Rebooting ubuntu causes the laptop to not be able to boot unless I have a bootable USB or something other than my SSD plugged in. Shutting down and booting again from either windows or ubuntu works fine, and so does restarting from windows. I tried updating the BIOS, reinstalling a number of different ubuntu versions (including 16.04.3 and 17.10), but both present the same issue. It is probably also worth mentioning that the issue still persists if I do not actually install ubuntu, but reboot from the "Try ubuntu" option of my bootable USB. My specs:

Dell XPS 15 9950:

SSD: Samsung NVMe PM951 512GB

Processor: Intel i7-6700HQ (2.6 Ghz)

GPU: Intel Graphics 530/NVIDIA GeForce 960M

I did switch the SATA Operation from RAID On to AHCI, while windows was in safe mode, as per all the tutorials that I found. Partitioning was done with the default partition manager (though I tried with intact partitions while rebooting from the live stick). Secure boot is off from the BIOS and I also deacctivated it from a previous linux I had installed. I also reset Windows 10 a number of times during the process. Lastly, I am aware of an almost identical question posted, but it has neither upvotes, nor replies, and I'm at my wit's end. I probably wouldn't mind giving up on Ubuntu and installing Debian instead, but I have no idea how (am new to linux and no tutorials are available).

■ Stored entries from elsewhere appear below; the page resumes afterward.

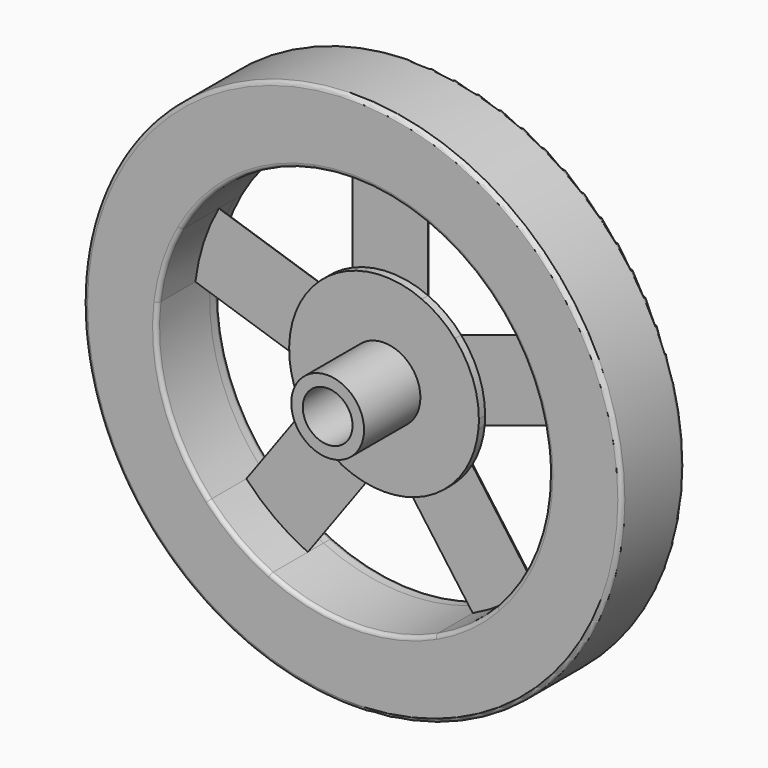
from build123d import *

# Parameters (mm, degrees)
F0_R          = 2.3622
F1_DEPTH      = 1.27
F2_T4_DEPTH   = 21.4195320699
F2_T9_DEPTH   = 21.4195320699
F2_T14_DEPTH  = 21.4195320699
F2_T19_DEPTH  = 21.4195320699
F2_T24_DEPTH  = 21.4195320699
F2_T29_DEPTH  = 21.4195320699
F2_T34_DEPTH  = 21.4195320699
F2_T39_DEPTH  = 21.4195320699
F2_T44_DEPTH  = 21.4195320699
F2_T49_DEPTH  = 21.4195320699
F2_T55_DEPTH  = 21.4195320699
F2_S57_R      = 2.3622
F2_T58_DEPTH  = 13
F2_T61_DEPTH  = 21.4195320699
F2_S63_R      = 2.3622
F2_T64_DEPTH  = 13
F2_T70_DEPTH  = 21.4195320699
F2_S72_R      = 2.3622
F2_T73_DEPTH  = 13
F2_T76_DEPTH  = 21.4195320699
F2_S78_R      = 2.3622
F2_T79_DEPTH  = 13
F2_T85_DEPTH  = 21.4195320699
F2_S87_R      = 2.3622
F2_T88_DEPTH  = 12
F2_T91_DEPTH  = 21.4195320699
F2_S93_R      = 2.3622
F2_T94_DEPTH  = 13
F2_T100_DEPTH = 21.4195320699
F2_S102_R     = 2.3622
F2_T103_DEPTH = 13
F2_T106_DEPTH = 21.4195320699
F2_S108_R     = 2.3622
F2_T109_DEPTH = 12
F2_T115_DEPTH = 21.4195320699
F2_S117_R     = 2.3622
F2_T118_DEPTH = 13
F2_T121_DEPTH = 21.4195320699
F2_S123_R     = 2.3622
F2_T124_DEPTH = 13
F0_R_2        = 17.4625
F3_DEPTH      = 4.318
F4_DEPTH      = 0.381
F5_DEPTH      = 0.762
F7_R          = 2.3622
F8_DEPTH      = 0.508
F7_R_2        = 1.6129
F9_DEPTH      = 5.08
F10_R         = 0.254


# Not quite as in the source:
# - a fillet or chamfer that OpenCascade refuses, or shapes differently, is made with other operations: its cross-section is extruded or revolved along the edge and cut away or added


with BuildPart() as f1:
    # F0 (on Front) → F1 (new body)
    with BuildSketch(Plane.XZ):
        with BuildLine():
            ThreePointArc((6.1303316445, -0.5987271324), (6.1522035895, -0.2997186064), (6.1595, 0))
            ThreePointArc((6.1595, 0), (5.7584751705, 2.1861847956), (4.607619503, 4.0876989573))
            Line((4.607619503, 4.0876989573), (2.4638, 3.3911297757))
            Line((2.4638, 3.3911297757), (2.4638, 5.6452749986))
            ThreePointArc((2.4638, 5.6452749986), (0, 6.1595), (-2.4638, 5.6452749986))
            Line((-2.4638, 5.6452749986), (-2.4638, 3.3911297757))
            Line((-2.4638, 3.3911297757), (-4.607619503, 4.0876989573))
            ThreePointArc((-4.607619503, 4.0876989573), (-5.8580326121, 1.9033901769), (-6.1303316445, -0.5987271324))
            Line((-6.1303316445, -0.5987271324), (-3.9865121415, -1.295296314))
            Line((-3.9865121415, -1.295296314), (-5.3114654601, -3.1189381072))
            ThreePointArc((-5.3114654601, -3.1189381072), (-3.6204632615, -4.9831401769), (-1.3249533186, -6.0153087164))
            Line((-1.3249533186, -6.0153087164), (0, -4.1916669232))
            Line((0, -4.1916669232), (1.3249533186, -6.0153087164))
            ThreePointArc((1.3249533186, -6.0153087164), (3.6204632615, -4.9831401769), (5.3114654601, -3.1189381072))
            Line((5.3114654601, -3.1189381072), (3.9865121415, -1.295296314))
            Line((3.9865121415, -1.295296314), (6.1303316445, -0.5987271324))
        make_face()
        Circle(F0_R, mode=Mode.SUBTRACT)
        with BuildLine():
            ThreePointArc((-2.4638, 5.6452749986), (0, 6.1595), (2.4638, 5.6452749986))
            Line((2.4638, 5.6452749986), (2.4638, 12.4975550077))
            ThreePointArc((2.4638, 12.4975550077), (0, 12.7381), (-2.4638, 12.4975550077))
            Line((-2.4638, 12.4975550077), (-2.4638, 5.6452749986))
        make_face()
        with BuildLine():
            Line((9.339134594, -8.6625490848), (5.3114654601, -3.1189381072))
            ThreePointArc((5.3114654601, -3.1189381072), (3.6204632615, -4.9831401769), (1.3249533186, -6.0153087164))
            Line((1.3249533186, -6.0153087164), (5.3526224525, -11.5589196939))
            ThreePointArc((5.3526224525, -11.5589196939), (7.4872673222, -10.305339376), (9.339134594, -8.6625490848))
        make_face()
        with BuildLine():
            Line((-5.3526224525, -11.5589196939), (-1.3249533186, -6.0153087164))
            ThreePointArc((-1.3249533186, -6.0153087164), (-3.6204632615, -4.9831401769), (-5.3114654601, -3.1189381072))
            Line((-5.3114654601, -3.1189381072), (-9.339134594, -8.6625490848))
            ThreePointArc((-9.339134594, -8.6625490848), (-7.4872673222, -10.305339376), (-5.3526224525, -11.5589196939))
        make_face()
        with BuildLine():
            ThreePointArc((-6.1303316445, -0.5987271324), (-5.8580326121, 1.9033901769), (-4.607619503, 4.0876989573))
            Line((-4.607619503, 4.0876989573), (-11.1245250571, 6.2051699304))
            ThreePointArc((-11.1245250571, 6.2051699304), (-12.1146530102, 3.936289376), (-12.6472371986, 1.5187438407))
            Line((-12.6472371986, 1.5187438407), (-6.1303316445, -0.5987271324))
        make_face()
        with BuildLine():
            ThreePointArc((4.607619503, 4.0876989573), (5.7584751705, 2.1861847956), (6.1595, 0))
            ThreePointArc((6.1595, 0), (6.1522035895, -0.2997186064), (6.1303316445, -0.5987271324))
            Line((6.1303316445, -0.5987271324), (12.6472371986, 1.5187438407))
            ThreePointArc((12.6472371986, 1.5187438407), (12.1146530102, 3.936289376), (11.1245250571, 6.2051699304))
            Line((11.1245250571, 6.2051699304), (4.607619503, 4.0876989573))
        make_face()
    extrude(amount=F1_DEPTH)

    # F2: fillet of radius 3.0226 on 10 edges, made by hand


with BuildPart() as f2_tool2:
    # F2_s3 → F2_t4 (new body)
    with BuildSketch(Plane(origin=(-10.9646098278, 0, -15.091490732), x_dir=(0, 1, 0), z_dir=(0.5877852523, 0, 0.8090169944))):
        with BuildLine():
            ThreePointArc((-1.27, -2.4638), (-0.3361972454, -1.386585071), (0, -0.0011786324))
            Line((0, -0.0011786324), (0, -2.4638))
            Line((0, -2.4638), (-1.27, -2.4638))
        make_face()
    extrude(amount=F2_T4_DEPTH)

    split(bisect_by=Plane(origin=(-1.9932560707, 0, -1.4481853046), x_dir=(0, 1, 0), z_dir=(-0.8090169944, 0, -0.5877852523)), keep=Keep.TOP)


with BuildPart() as f1_1:
    add(f1.part)

    # F2_t1: cut F2_tool2
    add(f2_tool2.part, mode=Mode.SUBTRACT)


with BuildPart() as f2_tool7:
    # F2_s8 → F2_t9 (new body)
    with BuildSketch(Plane(origin=(1.6254752339, 0, 2.237274724), x_dir=(0, 1, 0), z_dir=(-0.5877852523, 0, -0.8090169944))):
        with BuildLine():
            ThreePointArc((-1.27, -2.4638), (-0.3361972454, -1.386585071), (0, -0.0011786324))
            Line((0, -0.0011786324), (0, -2.4638))
            Line((0, -2.4638), (-1.27, -2.4638))
        make_face()
    extrude(amount=F2_T9_DEPTH)

    split(bisect_by=Plane(origin=(-0.7613560707, 0, -2.3432130448), x_dir=(0, 1, 0), z_dir=(-0.3090169944, 0, -0.9510565163)), keep=Keep.TOP)


with BuildPart() as f1_2:
    add(f1_1.part)

    # F2_t6: cut F2_tool7
    add(f2_tool7.part, mode=Mode.SUBTRACT)


with BuildPart() as f2_tool12:
    # F2_s13 → F2_t14 (new body)
    with BuildSketch(Plane(origin=(-17.7411113748, 0, 5.7644365187), x_dir=(0, 1, 0), z_dir=(0.9510565163, 0, -0.3090169944))):
        with BuildLine():
            ThreePointArc((-1.27, -2.4638), (-0.3361972454, -1.386585071), (0, -0.0011786324))
            Line((0, -0.0011786324), (0, -2.4638))
            Line((0, -2.4638), (-1.27, -2.4638))
        make_face()
    extrude(amount=F2_T14_DEPTH)

    split(bisect_by=Plane(origin=(-1.9932560707, 0, 1.4481853046), x_dir=(0, 1, 0), z_dir=(-0.8090169944, 0, 0.5877852523)), keep=Keep.TOP)


with BuildPart() as f1_3:
    add(f1_2.part)

    # F2_t11: cut F2_tool12
    add(f2_tool12.part, mode=Mode.SUBTRACT)


with BuildPart() as f2_tool17:
    # F2_s18 → F2_t19 (new body)
    with BuildSketch(Plane(origin=(2.6300741762, 0, -0.8545629024), x_dir=(0, 1, 0), z_dir=(-0.9510565163, 0, 0.3090169944))):
        with BuildLine():
            ThreePointArc((-1.27, -2.4638), (-0.3361972454, -1.386585071), (0, -0.0011786324))
            Line((0, -0.0011786324), (0, -2.4638))
            Line((0, -2.4638), (-1.27, -2.4638))
        make_face()
    extrude(amount=F2_T19_DEPTH)

    split(bisect_by=Plane.YZ.offset(-2.4638), keep=Keep.BOTTOM)


with BuildPart() as f1_4:
    add(f1_3.part)

    # F2_t16: cut F2_tool17
    add(f2_tool17.part, mode=Mode.SUBTRACT)


with BuildPart() as f2_tool22:
    # F2_s23 → F2_t24 (new body)
    with BuildSketch(Plane.XY.offset(-2.7654236433)):
        with BuildLine():
            ThreePointArc((2.4638, -1.27), (1.386585071, -0.3361972454), (0.0011786324, 0))
            Line((0.0011786324, 0), (2.4638, 0))
            Line((2.4638, 0), (2.4638, -1.27))
        make_face()
    extrude(amount=F2_T24_DEPTH)

    split(bisect_by=Plane(origin=(-0.7613560707, 0, 2.3432130448), x_dir=(0, 1, 0), z_dir=(-0.3090169944, 0, 0.9510565163)), keep=Keep.TOP)


with BuildPart() as f1_5:
    add(f1_4.part)

    # F2_t21: cut F2_tool22
    add(f2_tool22.part, mode=Mode.SUBTRACT)


with BuildPart() as f2_tool27:
    # F2_s28 → F2_t29 (new body)
    with BuildSketch(Plane.XY.offset(18.6541084266)):
        with BuildLine():
            ThreePointArc((-2.4638, -1.27), (-1.386585071, -0.3361972454), (-0.0011786324, 0))
            Line((-0.0011786324, 0), (-2.4638, 0))
            Line((-2.4638, 0), (-2.4638, -1.27))
        make_face()
    extrude(amount=-F2_T29_DEPTH)

    split(bisect_by=Plane(origin=(0.7613560707, 0, 2.3432130448), x_dir=(0, 1, 0), z_dir=(0.3090169944, 0, 0.9510565163)), keep=Keep.TOP)


with BuildPart() as f1_6:
    add(f1_5.part)

    # F2_t26: cut F2_tool27
    add(f2_tool27.part, mode=Mode.SUBTRACT)


with BuildPart() as f2_tool32:
    # F2_s33 → F2_t34 (new body)
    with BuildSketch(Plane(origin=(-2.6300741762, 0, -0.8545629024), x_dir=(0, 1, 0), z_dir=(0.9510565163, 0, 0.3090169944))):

P.S.: At a certain point I had a properly working ubuntu 16.04 (possibly 16.04.1 since the stick I used is a good few months old), but upgrading to 17.10 went wrong and I decided to reinstall.

Edit: I also thought I should mention the fact that on reboot the PC goes directly to Dell support assist and says "Hard drive not installed" (or hard disk, can't remember) and that apart from this issue ubuntu seems to work fine.


I was having the same issue on my Dell XPS 15 9550 using kernel 4.16; after a lot of research I found a solution that works for me:

TLDR: Boot with kernel parameter nvme_core.default_ps_max_latency_us=4950

  • I do this by modifying GRUB_LINUX_CMDLINE_DEFAULT in /etc/default/grub and then running sudo grub-install.

The Issue

As Cristian Velasquez Ramos posted earlier in this thread, a quirk that disables APST (Autonomous Power State Transition) for the NVMe Samsung 950 (Firmware ID: BXV76D0Q) was merged into mainline kernel 4.11.0rc7 to fix bugs such as these:

Discussion from the linux-nvme mailing list:

Samsung 950 series SSDs in Dell XPS 15 9550 and Precision 5510 laptops (which are essentially the same laptop) can lose their PCIe link if they're allowed to use the deepest APST state. Samsung engineers have an affected system and are working on it. The same exact SSDs in other machines (even an XPS 13) seem to work fine.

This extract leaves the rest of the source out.